● Work required: Print each line from the start of the records below up through the line where "3.0 header, 1x4" is found, exactly as given.

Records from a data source
== == ==

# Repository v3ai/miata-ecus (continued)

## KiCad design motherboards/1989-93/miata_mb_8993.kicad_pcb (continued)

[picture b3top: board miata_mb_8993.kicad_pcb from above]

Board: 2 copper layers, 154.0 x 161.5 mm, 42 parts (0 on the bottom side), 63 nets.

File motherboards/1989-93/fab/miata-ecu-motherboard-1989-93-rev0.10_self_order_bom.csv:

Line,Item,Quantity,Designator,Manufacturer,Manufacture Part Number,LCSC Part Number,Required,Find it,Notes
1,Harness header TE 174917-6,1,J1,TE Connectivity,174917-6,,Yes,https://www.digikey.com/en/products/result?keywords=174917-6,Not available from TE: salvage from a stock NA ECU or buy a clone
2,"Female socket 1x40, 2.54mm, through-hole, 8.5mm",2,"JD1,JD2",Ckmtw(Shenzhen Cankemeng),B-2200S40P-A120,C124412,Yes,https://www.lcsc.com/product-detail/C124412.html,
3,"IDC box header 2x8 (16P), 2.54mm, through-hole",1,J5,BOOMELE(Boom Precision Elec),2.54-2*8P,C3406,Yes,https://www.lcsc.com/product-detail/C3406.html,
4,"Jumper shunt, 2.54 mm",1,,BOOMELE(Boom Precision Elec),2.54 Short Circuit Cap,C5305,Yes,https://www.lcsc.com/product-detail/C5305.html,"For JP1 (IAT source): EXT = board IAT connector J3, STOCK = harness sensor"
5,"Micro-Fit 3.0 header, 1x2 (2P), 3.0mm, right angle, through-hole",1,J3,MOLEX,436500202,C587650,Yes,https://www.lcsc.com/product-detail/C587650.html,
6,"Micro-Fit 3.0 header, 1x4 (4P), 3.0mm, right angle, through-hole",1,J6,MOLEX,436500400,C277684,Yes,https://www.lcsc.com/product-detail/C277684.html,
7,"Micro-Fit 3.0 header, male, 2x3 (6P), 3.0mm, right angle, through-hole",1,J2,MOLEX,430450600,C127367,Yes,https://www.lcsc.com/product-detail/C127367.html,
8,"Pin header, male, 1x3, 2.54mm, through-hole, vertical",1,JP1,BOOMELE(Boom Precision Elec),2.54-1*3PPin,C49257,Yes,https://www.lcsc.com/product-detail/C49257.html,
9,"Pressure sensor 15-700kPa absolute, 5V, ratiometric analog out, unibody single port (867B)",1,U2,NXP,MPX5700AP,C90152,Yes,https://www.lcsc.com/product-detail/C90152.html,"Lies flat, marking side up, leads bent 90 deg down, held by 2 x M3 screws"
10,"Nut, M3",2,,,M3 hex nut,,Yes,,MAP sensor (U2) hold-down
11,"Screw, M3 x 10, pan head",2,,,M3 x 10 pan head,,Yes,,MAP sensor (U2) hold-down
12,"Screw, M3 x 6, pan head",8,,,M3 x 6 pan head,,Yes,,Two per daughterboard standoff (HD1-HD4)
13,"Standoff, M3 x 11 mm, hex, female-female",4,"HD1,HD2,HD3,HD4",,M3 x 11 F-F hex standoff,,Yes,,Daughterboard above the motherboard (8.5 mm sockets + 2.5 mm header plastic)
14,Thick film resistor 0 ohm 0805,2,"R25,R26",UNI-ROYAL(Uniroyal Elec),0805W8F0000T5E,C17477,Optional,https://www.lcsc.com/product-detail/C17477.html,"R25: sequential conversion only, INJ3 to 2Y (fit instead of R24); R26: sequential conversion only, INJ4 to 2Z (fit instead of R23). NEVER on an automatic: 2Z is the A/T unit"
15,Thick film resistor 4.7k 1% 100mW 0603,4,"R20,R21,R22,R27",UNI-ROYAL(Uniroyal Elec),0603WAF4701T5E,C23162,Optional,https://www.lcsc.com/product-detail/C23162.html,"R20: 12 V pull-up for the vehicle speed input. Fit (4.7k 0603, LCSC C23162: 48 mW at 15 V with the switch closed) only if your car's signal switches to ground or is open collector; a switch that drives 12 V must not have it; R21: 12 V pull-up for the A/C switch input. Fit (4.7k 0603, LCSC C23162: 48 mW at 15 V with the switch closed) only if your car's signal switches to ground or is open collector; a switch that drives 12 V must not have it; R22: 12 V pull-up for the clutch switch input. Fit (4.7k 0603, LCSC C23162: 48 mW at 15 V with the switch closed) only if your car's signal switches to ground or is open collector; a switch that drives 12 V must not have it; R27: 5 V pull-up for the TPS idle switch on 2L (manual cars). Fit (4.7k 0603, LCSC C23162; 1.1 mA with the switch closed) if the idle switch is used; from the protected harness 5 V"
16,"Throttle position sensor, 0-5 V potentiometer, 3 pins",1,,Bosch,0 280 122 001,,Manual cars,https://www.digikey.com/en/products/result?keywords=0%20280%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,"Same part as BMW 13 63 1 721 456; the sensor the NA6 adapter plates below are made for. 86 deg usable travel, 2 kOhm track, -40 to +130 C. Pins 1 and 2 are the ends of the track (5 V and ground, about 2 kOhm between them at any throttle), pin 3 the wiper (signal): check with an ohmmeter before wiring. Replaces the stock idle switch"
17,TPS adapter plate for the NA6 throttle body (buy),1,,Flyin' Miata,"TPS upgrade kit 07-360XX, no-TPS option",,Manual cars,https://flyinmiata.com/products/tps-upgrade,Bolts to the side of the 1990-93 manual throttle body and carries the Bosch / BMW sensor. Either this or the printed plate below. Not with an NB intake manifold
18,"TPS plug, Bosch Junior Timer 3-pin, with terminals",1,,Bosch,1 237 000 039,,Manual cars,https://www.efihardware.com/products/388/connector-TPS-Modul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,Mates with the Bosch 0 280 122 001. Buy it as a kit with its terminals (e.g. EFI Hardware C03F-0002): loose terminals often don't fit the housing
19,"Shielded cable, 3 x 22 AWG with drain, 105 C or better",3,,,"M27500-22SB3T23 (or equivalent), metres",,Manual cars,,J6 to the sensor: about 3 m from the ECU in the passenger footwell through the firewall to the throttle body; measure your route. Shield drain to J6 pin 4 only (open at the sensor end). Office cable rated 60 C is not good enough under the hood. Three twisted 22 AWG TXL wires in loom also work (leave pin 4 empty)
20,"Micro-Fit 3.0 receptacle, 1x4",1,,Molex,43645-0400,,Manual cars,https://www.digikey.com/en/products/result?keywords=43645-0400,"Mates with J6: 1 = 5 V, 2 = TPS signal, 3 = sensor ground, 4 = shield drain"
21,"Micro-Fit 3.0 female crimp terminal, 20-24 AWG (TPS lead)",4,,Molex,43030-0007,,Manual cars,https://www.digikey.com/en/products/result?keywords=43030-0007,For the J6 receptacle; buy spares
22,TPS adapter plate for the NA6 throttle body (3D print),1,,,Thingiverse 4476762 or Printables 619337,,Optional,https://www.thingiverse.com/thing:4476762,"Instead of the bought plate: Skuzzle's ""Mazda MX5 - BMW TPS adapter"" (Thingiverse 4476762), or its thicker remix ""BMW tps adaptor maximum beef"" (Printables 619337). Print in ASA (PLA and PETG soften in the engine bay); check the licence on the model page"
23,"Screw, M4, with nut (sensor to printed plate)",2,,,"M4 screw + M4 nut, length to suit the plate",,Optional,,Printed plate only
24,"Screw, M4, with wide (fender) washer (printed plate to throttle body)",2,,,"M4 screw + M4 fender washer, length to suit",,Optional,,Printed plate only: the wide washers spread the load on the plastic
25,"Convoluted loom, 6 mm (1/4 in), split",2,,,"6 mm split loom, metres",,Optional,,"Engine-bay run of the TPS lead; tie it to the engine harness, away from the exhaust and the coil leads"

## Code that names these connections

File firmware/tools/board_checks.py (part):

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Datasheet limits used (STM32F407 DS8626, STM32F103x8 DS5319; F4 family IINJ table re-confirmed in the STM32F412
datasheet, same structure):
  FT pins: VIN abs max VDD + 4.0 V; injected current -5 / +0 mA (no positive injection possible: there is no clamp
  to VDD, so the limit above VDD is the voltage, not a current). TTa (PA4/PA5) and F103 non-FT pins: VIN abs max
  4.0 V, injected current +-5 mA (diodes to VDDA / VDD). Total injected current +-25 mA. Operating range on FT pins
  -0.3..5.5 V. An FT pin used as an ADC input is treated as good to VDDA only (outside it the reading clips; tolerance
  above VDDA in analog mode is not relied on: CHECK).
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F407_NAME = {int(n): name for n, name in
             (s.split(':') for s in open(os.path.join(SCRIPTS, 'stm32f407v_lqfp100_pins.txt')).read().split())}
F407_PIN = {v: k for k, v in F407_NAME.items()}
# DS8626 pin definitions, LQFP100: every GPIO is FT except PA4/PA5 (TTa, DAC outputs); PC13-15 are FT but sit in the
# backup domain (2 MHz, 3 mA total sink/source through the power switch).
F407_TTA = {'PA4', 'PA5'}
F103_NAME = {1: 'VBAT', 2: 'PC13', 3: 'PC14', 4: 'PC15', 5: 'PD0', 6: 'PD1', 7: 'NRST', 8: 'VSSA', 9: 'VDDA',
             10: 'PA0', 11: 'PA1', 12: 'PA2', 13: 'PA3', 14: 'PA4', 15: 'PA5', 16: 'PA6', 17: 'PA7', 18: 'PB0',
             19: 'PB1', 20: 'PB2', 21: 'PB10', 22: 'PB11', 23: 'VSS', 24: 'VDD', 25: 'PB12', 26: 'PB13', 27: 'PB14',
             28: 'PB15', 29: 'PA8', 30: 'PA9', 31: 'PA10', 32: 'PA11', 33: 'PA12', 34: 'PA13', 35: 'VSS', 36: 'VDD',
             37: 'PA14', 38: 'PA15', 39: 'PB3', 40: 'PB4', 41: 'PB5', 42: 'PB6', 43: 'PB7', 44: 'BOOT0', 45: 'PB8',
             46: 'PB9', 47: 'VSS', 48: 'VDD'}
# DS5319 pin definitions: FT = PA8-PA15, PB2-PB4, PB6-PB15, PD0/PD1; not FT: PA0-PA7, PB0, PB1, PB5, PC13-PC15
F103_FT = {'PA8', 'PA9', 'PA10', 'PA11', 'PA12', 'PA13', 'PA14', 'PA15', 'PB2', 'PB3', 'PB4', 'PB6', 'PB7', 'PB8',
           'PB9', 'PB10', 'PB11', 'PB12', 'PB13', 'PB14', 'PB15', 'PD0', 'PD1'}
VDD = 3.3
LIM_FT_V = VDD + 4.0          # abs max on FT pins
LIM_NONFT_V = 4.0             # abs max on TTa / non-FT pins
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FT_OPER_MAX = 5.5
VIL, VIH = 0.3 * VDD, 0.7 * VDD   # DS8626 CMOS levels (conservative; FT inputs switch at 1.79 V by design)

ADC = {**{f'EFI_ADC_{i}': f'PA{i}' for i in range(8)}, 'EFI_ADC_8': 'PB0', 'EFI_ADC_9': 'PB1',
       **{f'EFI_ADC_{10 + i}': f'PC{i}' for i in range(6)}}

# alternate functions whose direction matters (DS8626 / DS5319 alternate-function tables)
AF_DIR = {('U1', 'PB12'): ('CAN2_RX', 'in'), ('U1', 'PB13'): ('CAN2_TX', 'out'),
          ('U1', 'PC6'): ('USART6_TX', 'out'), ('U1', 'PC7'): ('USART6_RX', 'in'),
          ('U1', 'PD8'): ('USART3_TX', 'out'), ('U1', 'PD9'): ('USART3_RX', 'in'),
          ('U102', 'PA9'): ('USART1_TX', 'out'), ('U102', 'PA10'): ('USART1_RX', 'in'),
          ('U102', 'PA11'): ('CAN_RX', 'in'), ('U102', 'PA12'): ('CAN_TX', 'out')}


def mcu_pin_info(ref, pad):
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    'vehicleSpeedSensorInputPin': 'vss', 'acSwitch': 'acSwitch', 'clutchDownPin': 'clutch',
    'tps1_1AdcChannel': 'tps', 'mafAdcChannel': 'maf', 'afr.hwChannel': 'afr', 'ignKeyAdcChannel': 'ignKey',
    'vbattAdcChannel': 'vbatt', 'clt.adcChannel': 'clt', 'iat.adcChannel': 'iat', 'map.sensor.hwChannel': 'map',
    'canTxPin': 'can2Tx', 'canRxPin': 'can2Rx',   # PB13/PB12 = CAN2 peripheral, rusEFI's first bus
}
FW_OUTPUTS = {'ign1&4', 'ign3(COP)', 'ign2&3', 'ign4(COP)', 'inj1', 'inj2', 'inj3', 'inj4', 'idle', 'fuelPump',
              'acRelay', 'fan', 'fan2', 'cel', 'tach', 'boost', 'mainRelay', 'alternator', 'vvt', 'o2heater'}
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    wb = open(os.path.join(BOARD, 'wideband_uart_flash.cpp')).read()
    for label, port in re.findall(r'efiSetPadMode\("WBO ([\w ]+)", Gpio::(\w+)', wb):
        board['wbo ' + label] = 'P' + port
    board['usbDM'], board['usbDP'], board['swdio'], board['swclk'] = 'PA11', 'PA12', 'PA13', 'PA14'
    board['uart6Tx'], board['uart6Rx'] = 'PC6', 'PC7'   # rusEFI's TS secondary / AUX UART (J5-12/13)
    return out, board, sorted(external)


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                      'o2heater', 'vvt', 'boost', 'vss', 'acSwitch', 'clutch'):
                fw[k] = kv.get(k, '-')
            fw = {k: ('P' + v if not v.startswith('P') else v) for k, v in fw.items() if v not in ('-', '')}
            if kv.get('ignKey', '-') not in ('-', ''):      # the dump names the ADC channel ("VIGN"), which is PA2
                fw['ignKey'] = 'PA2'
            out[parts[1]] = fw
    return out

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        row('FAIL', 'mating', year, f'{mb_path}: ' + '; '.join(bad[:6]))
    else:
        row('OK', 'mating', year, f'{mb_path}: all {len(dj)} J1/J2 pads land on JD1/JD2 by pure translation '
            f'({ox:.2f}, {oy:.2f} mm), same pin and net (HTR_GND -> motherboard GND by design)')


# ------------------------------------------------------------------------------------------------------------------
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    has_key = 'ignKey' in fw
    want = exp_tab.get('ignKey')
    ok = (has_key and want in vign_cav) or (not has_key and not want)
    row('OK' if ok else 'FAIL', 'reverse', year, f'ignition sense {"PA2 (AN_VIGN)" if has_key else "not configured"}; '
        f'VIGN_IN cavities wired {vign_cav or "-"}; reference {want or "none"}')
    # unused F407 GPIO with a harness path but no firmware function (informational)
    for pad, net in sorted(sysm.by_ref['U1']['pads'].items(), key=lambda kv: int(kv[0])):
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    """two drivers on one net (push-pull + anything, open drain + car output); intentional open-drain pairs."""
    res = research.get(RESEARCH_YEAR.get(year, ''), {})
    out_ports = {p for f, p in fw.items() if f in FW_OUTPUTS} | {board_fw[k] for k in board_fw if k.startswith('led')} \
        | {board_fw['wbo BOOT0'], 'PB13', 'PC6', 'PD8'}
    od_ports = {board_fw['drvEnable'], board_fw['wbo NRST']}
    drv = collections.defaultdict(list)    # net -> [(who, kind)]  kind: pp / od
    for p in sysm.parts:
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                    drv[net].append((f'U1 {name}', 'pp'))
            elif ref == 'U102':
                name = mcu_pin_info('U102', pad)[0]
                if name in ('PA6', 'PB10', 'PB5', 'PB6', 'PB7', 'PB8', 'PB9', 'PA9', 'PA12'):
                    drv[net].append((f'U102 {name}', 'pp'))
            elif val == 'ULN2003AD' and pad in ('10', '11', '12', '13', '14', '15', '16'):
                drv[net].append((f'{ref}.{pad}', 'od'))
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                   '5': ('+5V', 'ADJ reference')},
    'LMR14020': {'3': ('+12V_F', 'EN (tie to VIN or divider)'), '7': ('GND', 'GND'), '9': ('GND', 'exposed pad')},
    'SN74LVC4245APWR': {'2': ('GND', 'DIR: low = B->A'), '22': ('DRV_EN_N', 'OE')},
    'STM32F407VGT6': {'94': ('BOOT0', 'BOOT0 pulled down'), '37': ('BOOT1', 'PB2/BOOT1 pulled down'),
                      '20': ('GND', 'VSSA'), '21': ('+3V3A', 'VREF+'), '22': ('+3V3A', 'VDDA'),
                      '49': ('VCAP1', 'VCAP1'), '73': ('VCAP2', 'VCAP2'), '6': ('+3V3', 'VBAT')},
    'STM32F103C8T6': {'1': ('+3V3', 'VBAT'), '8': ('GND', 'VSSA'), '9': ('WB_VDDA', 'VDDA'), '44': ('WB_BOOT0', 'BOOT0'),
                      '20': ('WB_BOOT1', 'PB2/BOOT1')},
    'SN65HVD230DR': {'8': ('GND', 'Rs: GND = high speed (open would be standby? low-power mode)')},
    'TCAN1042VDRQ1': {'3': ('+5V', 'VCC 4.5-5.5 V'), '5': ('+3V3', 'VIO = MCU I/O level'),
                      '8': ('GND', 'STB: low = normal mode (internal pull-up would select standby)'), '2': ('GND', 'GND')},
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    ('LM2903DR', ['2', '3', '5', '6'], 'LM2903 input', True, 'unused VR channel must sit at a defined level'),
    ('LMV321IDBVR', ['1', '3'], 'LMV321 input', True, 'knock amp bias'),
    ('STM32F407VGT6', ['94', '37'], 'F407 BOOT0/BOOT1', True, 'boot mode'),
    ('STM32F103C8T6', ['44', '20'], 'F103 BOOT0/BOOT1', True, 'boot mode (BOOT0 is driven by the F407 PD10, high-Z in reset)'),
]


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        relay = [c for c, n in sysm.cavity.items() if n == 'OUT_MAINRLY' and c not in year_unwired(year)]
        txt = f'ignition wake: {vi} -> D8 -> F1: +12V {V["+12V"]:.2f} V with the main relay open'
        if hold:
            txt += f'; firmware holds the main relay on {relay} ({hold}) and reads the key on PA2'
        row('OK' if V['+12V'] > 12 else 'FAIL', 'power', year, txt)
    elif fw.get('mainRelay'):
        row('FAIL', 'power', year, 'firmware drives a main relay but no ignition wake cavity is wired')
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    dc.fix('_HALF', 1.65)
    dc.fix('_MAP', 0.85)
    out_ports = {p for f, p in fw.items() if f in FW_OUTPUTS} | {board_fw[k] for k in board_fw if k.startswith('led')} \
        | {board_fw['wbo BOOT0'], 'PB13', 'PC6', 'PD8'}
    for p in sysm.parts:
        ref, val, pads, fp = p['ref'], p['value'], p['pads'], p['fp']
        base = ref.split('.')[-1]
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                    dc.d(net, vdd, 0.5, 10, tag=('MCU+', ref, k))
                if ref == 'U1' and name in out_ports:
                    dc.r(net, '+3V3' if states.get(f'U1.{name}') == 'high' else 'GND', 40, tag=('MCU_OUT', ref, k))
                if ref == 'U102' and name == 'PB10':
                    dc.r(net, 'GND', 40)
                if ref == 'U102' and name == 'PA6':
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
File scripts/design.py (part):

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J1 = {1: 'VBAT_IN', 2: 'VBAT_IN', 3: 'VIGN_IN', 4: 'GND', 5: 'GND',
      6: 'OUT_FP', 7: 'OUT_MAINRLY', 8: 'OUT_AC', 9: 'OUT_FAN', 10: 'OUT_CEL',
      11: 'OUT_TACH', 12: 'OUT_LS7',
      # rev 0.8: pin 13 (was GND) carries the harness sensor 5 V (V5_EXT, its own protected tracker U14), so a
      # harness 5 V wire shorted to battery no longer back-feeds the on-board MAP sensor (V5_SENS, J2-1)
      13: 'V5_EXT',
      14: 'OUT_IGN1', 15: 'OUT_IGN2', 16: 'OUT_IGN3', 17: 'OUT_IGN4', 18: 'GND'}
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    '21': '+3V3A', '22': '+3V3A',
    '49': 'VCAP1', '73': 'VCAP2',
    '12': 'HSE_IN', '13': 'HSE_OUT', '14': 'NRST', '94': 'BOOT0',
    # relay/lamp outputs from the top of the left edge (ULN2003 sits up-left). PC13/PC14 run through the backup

== == ==

● Output of the exercise:
# Repository v3ai/miata-ecus (continued)

## KiCad design motherboards/1989-93/miata_mb_8993.kicad_pcb (continued)

[picture b3top: board miata_mb_8993.kicad_pcb from above]

Board: 2 copper layers, 154.0 x 161.5 mm, 42 parts (0 on the bottom side), 63 nets.

File motherboards/1989-93/fab/miata-ecu-motherboard-1989-93-rev0.10_self_order_bom.csv:

Line,Item,Quantity,Designator,Manufacturer,Manufacture Part Number,LCSC Part Number,Required,Find it,Notes
1,Harness header TE 174917-6,1,J1,TE Connectivity,174917-6,,Yes,https://www.digikey.com/en/products/result?keywords=174917-6,Not available from TE: salvage from a stock NA ECU or buy a clone
2,"Female socket 1x40, 2.54mm, through-hole, 8.5mm",2,"JD1,JD2",Ckmtw(Shenzhen Cankemeng),B-2200S40P-A120,C124412,Yes,https://www.lcsc.com/product-detail/C124412.html,
3,"IDC box header 2x8 (16P), 2.54mm, through-hole",1,J5,BOOMELE(Boom Precision Elec),2.54-2*8P,C3406,Yes,https://www.lcsc.com/product-detail/C3406.html,
4,"Jumper shunt, 2.54 mm",1,,BOOMELE(Boom Precision Elec),2.54 Short Circuit Cap,C5305,Yes,https://www.lcsc.com/product-detail/C5305.html,"For JP1 (IAT source): EXT = board IAT connector J3, STOCK = harness sensor"
5,"Micro-Fit 3.0 header, 1x2 (2P), 3.0mm, right angle, through-hole",1,J3,MOLEX,436500202,C587650,Yes,https://www.lcsc.com/product-detail/C587650.html,
6,"Micro-Fit 3.0 header, 1x4 (4P), 3.0mm, right angle, through-hole",1,J6,MOLEX,436500400,C277684,Yes,https://www.lcsc.com/product-detail/C277684.html,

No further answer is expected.